# Angeln im Ebro Delta (Riumar) mit eigenem Boot



## Pseudokrieger (27. August 2013)

Hallo zusammen
Ich spiele seit längerem mit dem Gedanken mal im Ebrodelta (Riumar) auf Meeresfische (Palometa, Bluefish ect.) zu angeln. Am liebsten würde ich mit meinem eigenen Porta-Boot und 5Ps Benziner dort herumschippern.
Allerdings habe ich keine Ahnung von den Bestimmungen dort. Einen Bootsführerschein habe ich bisher nicht da man in Deutschland ja bis 15PS ohne herumfahren darf. Wie das aber in Spanien (geschweige denn im Meer) ist weiß ich nicht.

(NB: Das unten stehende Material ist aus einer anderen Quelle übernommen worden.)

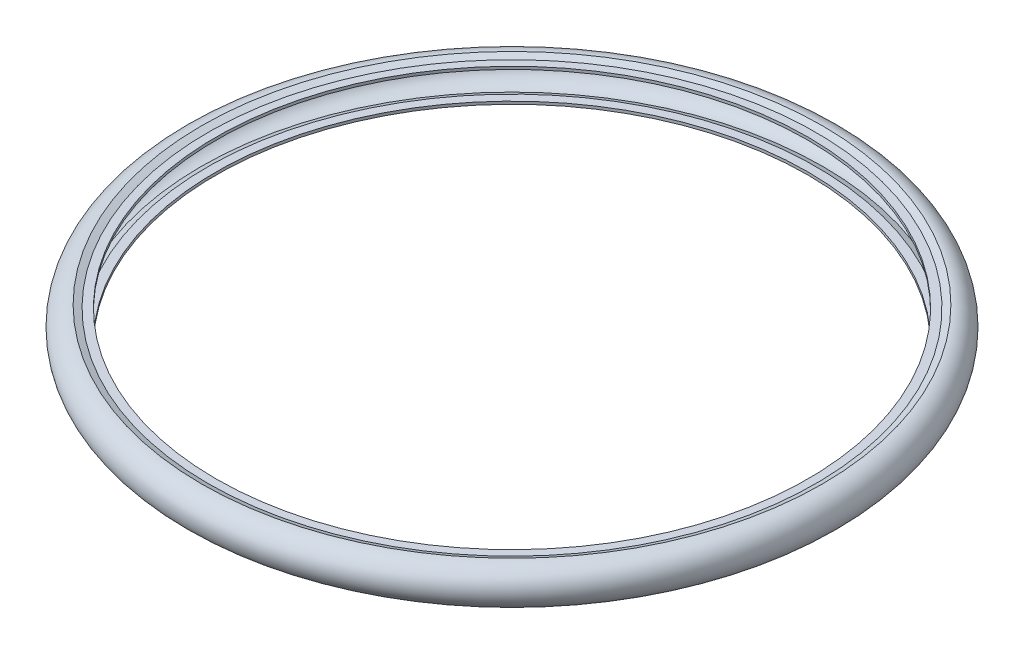
ISO-10303-21;
HEADER;
FILE_DESCRIPTION(('STEP AP214'),'2;1');
FILE_NAME('part.step','',(''),(''),'','','');
FILE_SCHEMA(('AUTOMOTIVE_DESIGN { 1 0 10303 214 1 1 1 1 }'));
ENDSEC;
DATA;
#1=APPLICATION_CONTEXT('core data for automotive mechanical design processes');
#2=APPLICATION_PROTOCOL_DEFINITION('international standard','automotive_design',2000,#1);
#3=PRODUCT_CONTEXT('',#1,'mechanical');
#4=PRODUCT('Part','Part','',(#3));
#5=PRODUCT_RELATED_PRODUCT_CATEGORY('part','',(#4));
#6=PRODUCT_DEFINITION_FORMATION('','',#4);
#7=PRODUCT_DEFINITION_CONTEXT('part definition',#1,'design');
#8=PRODUCT_DEFINITION('design','',#6,#7);
#9=PRODUCT_DEFINITION_SHAPE('','',#8);
#10=(LENGTH_UNIT() NAMED_UNIT(*) SI_UNIT(.MILLI.,.METRE.));
#11=(NAMED_UNIT(*) PLANE_ANGLE_UNIT() SI_UNIT($,.RADIAN.));
#12=(NAMED_UNIT(*) SI_UNIT($,.STERADIAN.) SOLID_ANGLE_UNIT());
#13=UNCERTAINTY_MEASURE_WITH_UNIT(LENGTH_MEASURE(1.E-05),#10,'distance_accuracy_value','');
#14=(GEOMETRIC_REPRESENTATION_CONTEXT(3) GLOBAL_UNCERTAINTY_ASSIGNED_CONTEXT((#13)) GLOBAL_UNIT_ASSIGNED_CONTEXT((#10,
#11,#12)) REPRESENTATION_CONTEXT('',''));
#15=CARTESIAN_POINT('',(0.,0.,0.));
#16=DIRECTION('',(0.,0.,1.));
#17=DIRECTION('',(1.,0.,0.));
#18=AXIS2_PLACEMENT_3D('',#15,#16,#17);
#19=CARTESIAN_POINT('',(0.,10.,-217.594560556485));
#20=DIRECTION('',(0.,1.,0.));
#21=DIRECTION('',(0.,0.,1.));
#22=AXIS2_PLACEMENT_3D('',#19,#20,#21);
#23=PLANE('',#22);
#24=CARTESIAN_POINT('',(0.,10.,0.));
#25=DIRECTION('',(0.,1.,0.));
#26=DIRECTION('',(0.,0.,1.));
#27=AXIS2_PLACEMENT_3D('',#24,#25,#26);
#28=CIRCLE('',#27,221.846794435939);
#29=CARTESIAN_POINT('',(0.,10.,221.846794435939));
#30=VERTEX_POINT('',#29);
#31=EDGE_CURVE('E72',#30,#30,#28,.T.);
#32=ORIENTED_EDGE('',*,*,#31,.F.);
#33=EDGE_LOOP('',(#32));
#34=FACE_BOUND('',#33,.T.);
#35=CARTESIAN_POINT('',(0.,10.,0.));
#36=DIRECTION('',(0.,1.,0.));
#37=DIRECTION('',(0.,0.,1.));
#38=AXIS2_PLACEMENT_3D('',#35,#36,#37);
#39=CIRCLE('',#38,215.594560556485);
#40=CARTESIAN_POINT('',(0.,10.,215.594560556485));
#41=VERTEX_POINT('',#40);
#42=EDGE_CURVE('E10',#41,#41,#39,.T.);
#43=ORIENTED_EDGE('',*,*,#42,.T.);
#44=EDGE_LOOP('',(#43));
#45=FACE_BOUND('',#44,.T.);
#46=ADVANCED_FACE('F32',(#34,#45),#23,.F.);
#47=CARTESIAN_POINT('',(0.,21.8973894640158,0.));
#48=DIRECTION('',(0.,1.,0.));
#49=DIRECTION('',(0.,0.,1.));
#50=AXIS2_PLACEMENT_3D('',#47,#48,#49);
#51=CYLINDRICAL_SURFACE('',#50,215.594560556485);
#52=ORIENTED_EDGE('',*,*,#42,.F.);
#53=EDGE_LOOP('',(#52));
#54=FACE_BOUND('',#53,.T.);
#55=CARTESIAN_POINT('',(0.,12.,0.));
#56=DIRECTION('',(0.,1.,0.));
#57=DIRECTION('',(0.,0.,1.));
#58=AXIS2_PLACEMENT_3D('',#55,#56,#57);
#59=CIRCLE('',#58,215.594560556485);
#60=CARTESIAN_POINT('',(0.,12.,215.594560556485));
#61=VERTEX_POINT('',#60);
#62=EDGE_CURVE('E38',#61,#61,#59,.T.);
#63=ORIENTED_EDGE('',*,*,#62,.T.);
#64=EDGE_LOOP('',(#63));
#65=FACE_BOUND('',#64,.T.);
#66=ADVANCED_FACE('F79',(#54,#65),#51,.F.);
#67=CARTESIAN_POINT('',(0.,12.,-215.594560556485));
#68=DIRECTION('',(0.,-1.,0.));
#69=DIRECTION('',(0.,0.,-1.));
#70=AXIS2_PLACEMENT_3D('',#67,#68,#69);
#71=PLANE('',#70);
#72=ORIENTED_EDGE('',*,*,#62,.F.);
#73=EDGE_LOOP('',(#72));
#74=FACE_BOUND('',#73,.T.);
#75=CARTESIAN_POINT('',(0.,12.,0.));
#76=DIRECTION('',(0.,1.,0.));
#77=DIRECTION('',(0.,0.,1.));
#78=AXIS2_PLACEMENT_3D('',#75,#76,#77);
#79=CIRCLE('',#78,221.437329759038);
#80=CARTESIAN_POINT('',(0.,12.,221.437329759038));
#81=VERTEX_POINT('',#80);
#82=EDGE_CURVE('E42',#81,#81,#79,.T.);
#83=ORIENTED_EDGE('',*,*,#82,.T.);
#84=EDGE_LOOP('',(#83));
#85=FACE_BOUND('',#84,.T.);
#86=ADVANCED_FACE('F83',(#74,#85),#71,.F.);
#87=CARTESIAN_POINT('',(0.,13.9649613790611,0.));
#88=DIRECTION('',(0.,1.,0.));
#89=DIRECTION('',(0.,0.,1.));
#90=AXIS2_PLACEMENT_3D('',#87,#88,#89);
#91=CONICAL_SURFACE('',#90,226.035038620939,1.16691289352262);
#92=ORIENTED_EDGE('',*,*,#82,.F.);
#93=EDGE_LOOP('',(#92));
#94=FACE_BOUND('',#93,.T.);
#95=CARTESIAN_POINT('',(0.,13.9649613790611,0.));
#96=DIRECTION('',(0.,1.,0.));
#97=DIRECTION('',(0.,0.,1.));
#98=AXIS2_PLACEMENT_3D('',#95,#96,#97);
#99=CIRCLE('',#98,226.035038620939);
#100=CARTESIAN_POINT('',(0.,13.9649613790611,226.035038620939));
#101=VERTEX_POINT('',#100);
#102=EDGE_CURVE('E46',#101,#101,#99,.T.);
#103=ORIENTED_EDGE('',*,*,#102,.T.);
#104=EDGE_LOOP('',(#103));
#105=FACE_BOUND('',#104,.T.);
#106=ADVANCED_FACE('F88',(#94,#105),#91,.F.);
#107=CARTESIAN_POINT('',(0.,0.,0.));
#108=DIRECTION('',(0.,1.,0.));
#109=DIRECTION('',(0.,0.,1.));
#110=AXIS2_PLACEMENT_3D('',#107,#108,#109);
#111=TOROIDAL_SURFACE('',#110,226.035038620939,13.9649613790611);
#112=ORIENTED_EDGE('',*,*,#102,.F.);
#113=EDGE_LOOP('',(#112));
#114=FACE_BOUND('',#113,.T.);
#115=CARTESIAN_POINT('',(0.,-13.9649613790611,0.));
#116=DIRECTION('',(0.,1.,0.));
#117=DIRECTION('',(0.,0.,1.));
#118=AXIS2_PLACEMENT_3D('',#115,#116,#117);
#119=CIRCLE('',#118,226.035038620939);
#120=CARTESIAN_POINT('',(0.,-13.9649613790611,226.035038620939));
#121=VERTEX_POINT('',#120);
#122=EDGE_CURVE('E51',#121,#121,#119,.T.);
#123=ORIENTED_EDGE('',*,*,#122,.T.);
#124=EDGE_LOOP('',(#123));
#125=FACE_BOUND('',#124,.T.);
#126=ADVANCED_FACE('F94',(#114,#125),#111,.T.);
#127=CARTESIAN_POINT('',(0.,-12.,0.));
#128=DIRECTION('',(0.,-1.,0.));
#129=DIRECTION('',(0.,0.,-1.));
#130=AXIS2_PLACEMENT_3D('',#127,#128,#129);
#131=CONICAL_SURFACE('',#130,221.437329759038,1.16691289352262);
#132=ORIENTED_EDGE('',*,*,#122,.F.);
#133=EDGE_LOOP('',(#132));
#134=FACE_BOUND('',#133,.T.);
#135=CARTESIAN_POINT('',(0.,-12.,0.));
#136=DIRECTION('',(0.,1.,0.));
#137=DIRECTION('',(0.,0.,1.));
#138=AXIS2_PLACEMENT_3D('',#135,#136,#137);
#139=CIRCLE('',#138,221.437329759038);
#140=CARTESIAN_POINT('',(0.,-12.,221.437329759038));
#141=VERTEX_POINT('',#140);
#142=EDGE_CURVE('E54',#141,#141,#139,.T.);
#143=ORIENTED_EDGE('',*,*,#142,.T.);
#144=EDGE_LOOP('',(#143));
#145=FACE_BOUND('',#144,.T.);
#146=ADVANCED_FACE('F98',(#134,#145),#131,.F.);
#147=CARTESIAN_POINT('',(0.,-12.,-215.594560556485));
#148=DIRECTION('',(0.,1.,0.));
#149=DIRECTION('',(0.,0.,1.));
#150=AXIS2_PLACEMENT_3D('',#147,#148,#149);
#151=PLANE('',#150);
#152=ORIENTED_EDGE('',*,*,#142,.F.);
#153=EDGE_LOOP('',(#152));
#154=FACE_BOUND('',#153,.T.);
#155=CARTESIAN_POINT('',(0.,-12.,0.));
#156=DIRECTION('',(0.,1.,0.));
#157=DIRECTION('',(0.,0.,1.));
#158=AXIS2_PLACEMENT_3D('',#155,#156,#157);
#159=CIRCLE('',#158,215.594560556485);
#160=CARTESIAN_POINT('',(0.,-12.,215.594560556485));
#161=VERTEX_POINT('',#160);
#162=EDGE_CURVE('E57',#161,#161,#159,.T.);
#163=ORIENTED_EDGE('',*,*,#162,.T.);
#164=EDGE_LOOP('',(#163));
#165=FACE_BOUND('',#164,.T.);
#166=ADVANCED_FACE('F102',(#154,#165),#151,.F.);
#167=CARTESIAN_POINT('',(0.,21.8973894640158,0.));
#168=DIRECTION('',(0.,1.,0.));
#169=DIRECTION('',(0.,0.,1.));
#170=AXIS2_PLACEMENT_3D('',#167,#168,#169);
#171=CYLINDRICAL_SURFACE('',#170,215.594560556485);
#172=ORIENTED_EDGE('',*,*,#162,.F.);
#173=EDGE_LOOP('',(#172));
#174=FACE_BOUND('',#173,.T.);
#175=CARTESIAN_POINT('',(0.,-10.,0.));
#176=DIRECTION('',(0.,1.,0.));
#177=DIRECTION('',(0.,0.,1.));
#178=AXIS2_PLACEMENT_3D('',#175,#176,#177);
#179=CIRCLE('',#178,215.594560556485);
#180=CARTESIAN_POINT('',(0.,-10.,215.594560556485));
#181=VERTEX_POINT('',#180);
#182=EDGE_CURVE('E60',#181,#181,#179,.T.);
#183=ORIENTED_EDGE('',*,*,#182,.T.);
#184=EDGE_LOOP('',(#183));
#185=FACE_BOUND('',#184,.T.);
#186=ADVANCED_FACE('F106',(#174,#185),#171,.F.);
#187=CARTESIAN_POINT('',(0.,-10.,-217.594560556485));
#188=DIRECTION('',(0.,-1.,0.));
#189=DIRECTION('',(0.,0.,-1.));
#190=AXIS2_PLACEMENT_3D('',#187,#188,#189);
#191=PLANE('',#190);
#192=ORIENTED_EDGE('',*,*,#182,.F.);
#193=EDGE_LOOP('',(#192));
#194=FACE_BOUND('',#193,.T.);
#195=CARTESIAN_POINT('',(0.,-10.,0.));
#196=DIRECTION('',(0.,1.,0.));
#197=DIRECTION('',(0.,0.,1.));
#198=AXIS2_PLACEMENT_3D('',#195,#196,#197);
#199=CIRCLE('',#198,221.846794435939);
#200=CARTESIAN_POINT('',(0.,-10.,221.846794435939));
#201=VERTEX_POINT('',#200);
#202=EDGE_CURVE('E63',#201,#201,#199,.T.);
#203=ORIENTED_EDGE('',*,*,#202,.T.);
#204=EDGE_LOOP('',(#203));
#205=FACE_BOUND('',#204,.T.);
#206=ADVANCED_FACE('F110',(#194,#205),#191,.F.);
#207=CARTESIAN_POINT('',(0.,-11.9584638910296,0.));
#208=DIRECTION('',(0.,-1.,0.));
#209=DIRECTION('',(0.,0.,-1.));
#210=AXIS2_PLACEMENT_3D('',#207,#208,#209);
#211=CONICAL_SURFACE('',#210,226.429300170378,1.16691289352262);
#212=ORIENTED_EDGE('',*,*,#202,.F.);
#213=EDGE_LOOP('',(#212));
#214=FACE_BOUND('',#213,.T.);
#215=CARTESIAN_POINT('',(0.,-11.9584638910296,0.));
#216=DIRECTION('',(0.,1.,0.));
#217=DIRECTION('',(0.,0.,1.));
#218=AXIS2_PLACEMENT_3D('',#215,#216,#217);
#219=CIRCLE('',#218,226.429300170378);
#220=CARTESIAN_POINT('',(0.,-11.9584638910296,226.429300170378));
#221=VERTEX_POINT('',#220);
#222=EDGE_CURVE('E66',#221,#221,#219,.T.);
#223=ORIENTED_EDGE('',*,*,#222,.T.);
#224=EDGE_LOOP('',(#223));
#225=FACE_BOUND('',#224,.T.);
#226=ADVANCED_FACE('F114',(#214,#225),#211,.T.);
#227=CARTESIAN_POINT('',(0.,0.,0.));
#228=DIRECTION('',(0.,1.,0.));
#229=DIRECTION('',(0.,0.,1.));
#230=AXIS2_PLACEMENT_3D('',#227,#228,#229);
#231=TOROIDAL_SURFACE('',#230,226.035038620939,11.9649613790611);
#232=ORIENTED_EDGE('',*,*,#222,.F.);
#233=EDGE_LOOP('',(#232));
#234=FACE_BOUND('',#233,.T.);
#235=CARTESIAN_POINT('',(0.,11.9584638910296,0.));
#236=DIRECTION('',(0.,1.,0.));
#237=DIRECTION('',(0.,0.,1.));
#238=AXIS2_PLACEMENT_3D('',#235,#236,#237);
#239=CIRCLE('',#238,226.429300170378);
#240=CARTESIAN_POINT('',(0.,11.9584638910296,226.429300170378));
#241=VERTEX_POINT('',#240);
#242=EDGE_CURVE('E69',#241,#241,#239,.T.);
#243=ORIENTED_EDGE('',*,*,#242,.T.);
#244=EDGE_LOOP('',(#243));
#245=FACE_BOUND('',#244,.T.);
#246=ADVANCED_FACE('F118',(#234,#245),#231,.F.);
#247=CARTESIAN_POINT('',(0.,10.,0.));
#248=DIRECTION('',(0.,1.,0.));
#249=DIRECTION('',(0.,0.,1.));
#250=AXIS2_PLACEMENT_3D('',#247,#248,#249);
#251=CONICAL_SURFACE('',#250,221.846794435939,1.16691289352262);
#252=ORIENTED_EDGE('',*,*,#242,.F.);
#253=EDGE_LOOP('',(#252));
#254=FACE_BOUND('',#253,.T.);
#255=ORIENTED_EDGE('',*,*,#31,.T.);
#256=EDGE_LOOP('',(#255));
#257=FACE_BOUND('',#256,.T.);
#258=ADVANCED_FACE('F76',(#254,#257),#251,.T.);
#259=CLOSED_SHELL('',(#46,#66,#86,#106,#126,#146,#166,#186,#206,#226,#246,#258));
#260=MANIFOLD_SOLID_BREP('B2',#259);
#261=ADVANCED_BREP_SHAPE_REPRESENTATION('',(#18,#260),#14);
#262=SHAPE_DEFINITION_REPRESENTATION(#9,#261);
ENDSEC;
END-ISO-10303-21;

Da ich vor dem Meer aber größten Respekt habe würde ich nur bei Flaute und auch nicht mehr als 1km aufs Meer raus fahren.

Kennt sich von euch jemand mit den Bestimmungen aus?
Kann man auch in der Flußmündung Palometas ect. fangen oder muß man auf jeden Fall aus Meer raus?

Danke im Voraus
Christian


----------



## Lommel (27. August 2013)

*AW: Angeln im Ebro Delta (Riumar) mit eigenem Boot*

Also genau kann ich dir das zwar nur zu den Stausseen sagen, denke aber das die Bestimmungen in der Mündung gleich sein sollten. Bis 15 Ps ist auch in Spanien führerscheinfrei. Das eigene Boot muss aber in der Provinzhaupstadt (Zaragoza) im dortigen Schiffahrtsamt mit Bootsregistriernummer und Moteridentnr. angemeldet sein. Nach zwei Wochen bekommst du deine Ident-Nummer die am Boot sichtbar angebracht sein muss. Ich denke mieten ist auf jedenfall die sichere Variante.
Wir waren mal für einen Tag an der Mündung und haben riesen Schwärme Meeräschen gesehen. Könnte mir gut vorstellen das die Raubfische mündungsnah rauben.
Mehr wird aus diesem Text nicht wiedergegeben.